You can order almost anything online — dinner, groceries, books, cars, puppies — to arrive at your door in New York City.

Now add grandmothers to that list.

Office workers in Manhattan are getting free visits and hugs from "Grannies-on-Demand" Friday as part of a Mother's Day publicity stunt by a Midtown-based tech company.

"We wanted to try to find people in New York who are separated from their mothers for Mother’s Day and ... give them a chance to have a replacement," said Brody Ehrlich, general manager of KeepTree, which provides users a private video-sharing and storage system. "[People] can use KeepTree," to record a video for delivery on Sunday, "and be like, 'Hey Ma, I love you, but I kind of replaced you with a new grandma."

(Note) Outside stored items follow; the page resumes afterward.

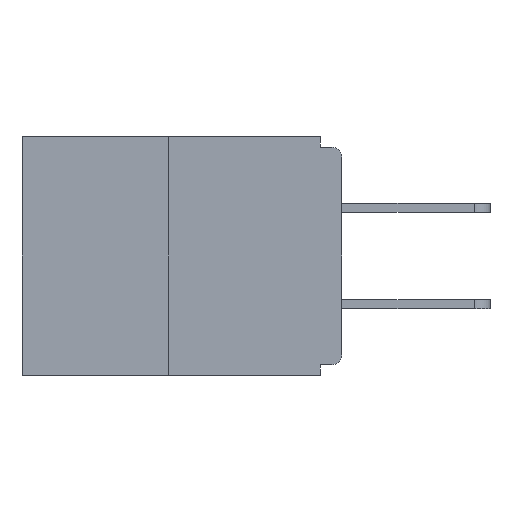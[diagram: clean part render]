
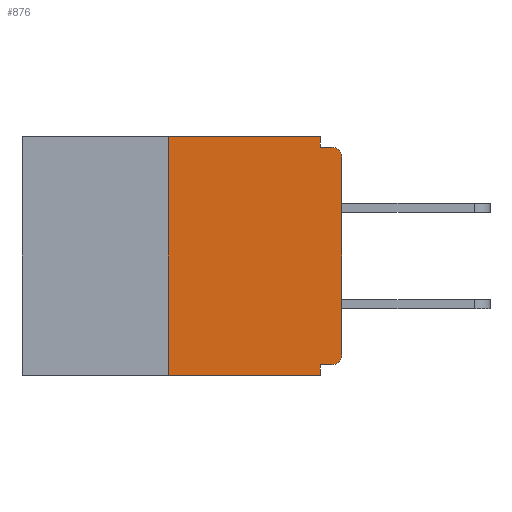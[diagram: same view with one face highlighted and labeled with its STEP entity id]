
A CAD part, left-side view. The second image highlights one B-rep face of the part: STEP entity #876.
In plain terms, the highlighted planar face has unit normal (-1, 0, 0).
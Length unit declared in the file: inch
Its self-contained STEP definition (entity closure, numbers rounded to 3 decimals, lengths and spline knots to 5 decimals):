
#166 = CARTESIAN_POINT ( 'NONE',  ( 0., 0., -0.328 ) ) ;
#245 = EDGE_CURVE ( 'NONE', #10743, #13282, #618, .T. ) ;
#618 = CIRCLE ( 'NONE', #5006, 0.015 ) ;
#710 = ORIENTED_EDGE ( 'NONE', *, *, #8274, .T. ) ;
#741 = ORIENTED_EDGE ( 'NONE', *, *, #9110, .T. ) ;
#869 = CARTESIAN_POINT ( 'NONE',  ( 0., 0.46, 0. ) ) ;
#876 = ADVANCED_FACE ( 'NONE', ( #1929 ), #7711, .F. ) ;
#1059 = VERTEX_POINT ( 'NONE', #10777 ) ;
#1214 = EDGE_CURVE ( 'NONE', #1059, #5745, #9100, .T. ) ;
#1346 = CARTESIAN_POINT ( 'NONE',  ( 0., 0.25, 0. ) ) ;
#1349 = CARTESIAN_POINT ( 'NONE',  ( 0., 0.031, -0.343 ) ) ;
#1566 = ORIENTED_EDGE ( 'NONE', *, *, #5053, .F. ) ;
#1793 = CIRCLE ( 'NONE', #13541, 0.015 ) ;
#1909 = VECTOR ( 'NONE', #6805, 39.37008 ) ;
#1929 = FACE_OUTER_BOUND ( 'NONE', #2365, .T. ) ;
#2193 = EDGE_CURVE ( 'NONE', #5745, #13441, #6589, .T. ) ;
#2245 = LINE ( 'NONE', #13217, #1909 ) ;
#2285 = LINE ( 'NONE', #8826, #5636 ) ;
#2344 = DIRECTION ( 'NONE',  ( 0., 0., -1. ) ) ;
#2365 = EDGE_LOOP ( 'NONE', ( #5701, #7069, #710, #5201, #7576, #741, #7588, #10045, #10550, #1566 ) ) ;
#2806 = CARTESIAN_POINT ( 'NONE',  ( 0., 0.25, 0. ) ) ;
#2922 = VECTOR ( 'NONE', #7651, 39.37008 ) ;
#3297 = CARTESIAN_POINT ( 'NONE',  ( 0., 0.015, -0.03 ) ) ;
#3748 = CARTESIAN_POINT ( 'NONE',  ( 0., 0.031, -0.343 ) ) ;
#3887 = EDGE_CURVE ( 'NONE', #5140, #13282, #2285, .T. ) ;
#3899 = VERTEX_POINT ( 'NONE', #10081 ) ;
#4502 = DIRECTION ( 'NONE',  ( 0., 0., 1. ) ) ;
#4676 = DIRECTION ( 'NONE',  ( 1., 0., 0. ) ) ;
#4714 = EDGE_CURVE ( 'NONE', #12714, #10395, #5121, .T. ) ;
#4757 = DIRECTION ( 'NONE',  ( 0., -1., 0. ) ) ;
#4834 = VECTOR ( 'NONE', #4757, 39.37008 ) ;
#5006 = AXIS2_PLACEMENT_3D ( 'NONE', #3297, #7598, #2344 ) ;
#5053 = EDGE_CURVE ( 'NONE', #10395, #5140, #2245, .T. ) ;
#5121 = LINE ( 'NONE', #869, #6108 ) ;
#5140 = VERTEX_POINT ( 'NONE', #11292 ) ;
#5201 = ORIENTED_EDGE ( 'NONE', *, *, #2193, .F. ) ;
#5265 = LINE ( 'NONE', #1346, #5943 ) ;
#5636 = VECTOR ( 'NONE', #10035, 39.37008 ) ;
#5701 = ORIENTED_EDGE ( 'NONE', *, *, #4714, .F. ) ;
#5745 = VERTEX_POINT ( 'NONE', #10130 ) ;
#5943 = VECTOR ( 'NONE', #8769, 39.37008 ) ;
#6108 = VECTOR ( 'NONE', #6246, 39.37008 ) ;
#6246 = DIRECTION ( 'NONE',  ( 0., -1., 0. ) ) ;
#6416 = CARTESIAN_POINT ( 'NONE',  ( 0., 0.015, -0.015 ) ) ;
#6589 = LINE ( 'NONE', #3748, #9558 ) ;
#6805 = DIRECTION ( 'NONE',  ( 0., 0., -1. ) ) ;
#6834 = CARTESIAN_POINT ( 'NONE',  ( 0., 0., 0. ) ) ;
#6888 = VERTEX_POINT ( 'NONE', #13715 ) ;
#7067 = DIRECTION ( 'NONE',  ( 0., 0., -1. ) ) ;
#7069 = ORIENTED_EDGE ( 'NONE', *, *, #12988, .F. ) ;
#7394 = DIRECTION ( 'NONE',  ( 0., 0., -1. ) ) ;
#7576 = ORIENTED_EDGE ( 'NONE', *, *, #1214, .F. ) ;
#7588 = ORIENTED_EDGE ( 'NONE', *, *, #12665, .T. ) ;
#7598 = DIRECTION ( 'NONE',  ( -1., 0., 0. ) ) ;
#7651 = DIRECTION ( 'NONE',  ( 0., 1., 0. ) ) ;
#7711 = PLANE ( 'NONE',  #12904 ) ;
#7845 = LINE ( 'NONE', #9134, #4834 ) ;
#8274 = EDGE_CURVE ( 'NONE', #6888, #13441, #7845, .T. ) ;
#8546 = CARTESIAN_POINT ( 'NONE',  ( 0., 0.015, -0.313 ) ) ;
#8769 = DIRECTION ( 'NONE',  ( 0., 0., 1. ) ) ;
#8826 = CARTESIAN_POINT ( 'NONE',  ( 0., 0., -0.015 ) ) ;
#8890 = CARTESIAN_POINT ( 'NONE',  ( 0., 0.031, 0. ) ) ;
#9100 = LINE ( 'NONE', #166, #2922 ) ;
#9110 = EDGE_CURVE ( 'NONE', #1059, #3899, #1793, .T. ) ;
#9134 = CARTESIAN_POINT ( 'NONE',  ( 0., 0.46, -0.343 ) ) ;
#9215 = CARTESIAN_POINT ( 'NONE',  ( 0., 0., -0.03 ) ) ;
#9558 = VECTOR ( 'NONE', #7067, 39.37008 ) ;
#9996 = DIRECTION ( 'NONE',  ( 0., 0., -1. ) ) ;
#10035 = DIRECTION ( 'NONE',  ( 0., -1., 0. ) ) ;
#10045 = ORIENTED_EDGE ( 'NONE', *, *, #245, .T. ) ;
#10081 = CARTESIAN_POINT ( 'NONE',  ( 0., 0., -0.313 ) ) ;
#10130 = CARTESIAN_POINT ( 'NONE',  ( 0., 0.031, -0.328 ) ) ;
#10395 = VERTEX_POINT ( 'NONE', #8890 ) ;
#10550 = ORIENTED_EDGE ( 'NONE', *, *, #3887, .F. ) ;
#10743 = VERTEX_POINT ( 'NONE', #9215 ) ;
#10777 = CARTESIAN_POINT ( 'NONE',  ( 0., 0.015, -0.328 ) ) ;
#11292 = CARTESIAN_POINT ( 'NONE',  ( 0., 0.031, -0.015 ) ) ;
#11647 = LINE ( 'NONE', #6834, #12829 ) ;
#12039 = CARTESIAN_POINT ( 'NONE',  ( 0., 0.46, 0. ) ) ;
#12665 = EDGE_CURVE ( 'NONE', #3899, #10743, #11647, .T. ) ;
#12714 = VERTEX_POINT ( 'NONE', #2806 ) ;
#12829 = VECTOR ( 'NONE', #4502, 39.37008 ) ;
#12882 = DIRECTION ( 'NONE',  ( -1., 0., 0. ) ) ;
#12904 = AXIS2_PLACEMENT_3D ( 'NONE', #12039, #4676, #9996 ) ;
#12988 = EDGE_CURVE ( 'NONE', #6888, #12714, #5265, .T. ) ;
#13217 = CARTESIAN_POINT ( 'NONE',  ( 0., 0.031, 0. ) ) ;
#13282 = VERTEX_POINT ( 'NONE', #6416 ) ;
#13441 = VERTEX_POINT ( 'NONE', #1349 ) ;
#13541 = AXIS2_PLACEMENT_3D ( 'NONE', #8546, #12882, #7394 ) ;
#13715 = CARTESIAN_POINT ( 'NONE',  ( 0., 0.25, -0.343 ) ) ;

Those who booked the promotional service had their choice of four grannies, each fitting a different stereotype: the "worrier," the "talker," the "forgetter" and the tech-savvy "Insta-grandmother."

KeepTree recruited its grannies via ads on Craigslist and vetted the candidates through interviews involving a trial hug. (They will be "compensated and thanked for their time," KeepTree CEO Jon Loew told us.)

The ideal embrace, Ehrlich said, should be neither too loose and short nor too tight and long.

Arlene Sparaco, 63 — who passed the test with what she described as her "open-armed" technique — said she saw KeepTree's ad while searching for gigs and volunteer opportunities on Craiglist and responded because she knew she wouldn't be spending Mother's Day with family.

With her daughter and two grandkids in Scotland, the Upper West Side resident chose to celebrate the holiday by mothering other New Yorkers.

She identifies with the tech-savvy granny archetype, she said: "Because my daughter is not here all the time, I need to reach her via either email, Facebook, text.

"But," she added, "there’s always a little bit of everything else rolled into one. I worry sometimes, sometimes I walk into the kitchen and I say, 'What am I here for?'”

If she forgets what she's doing today, she'll have a chaperone, Ehrlich, to remind her.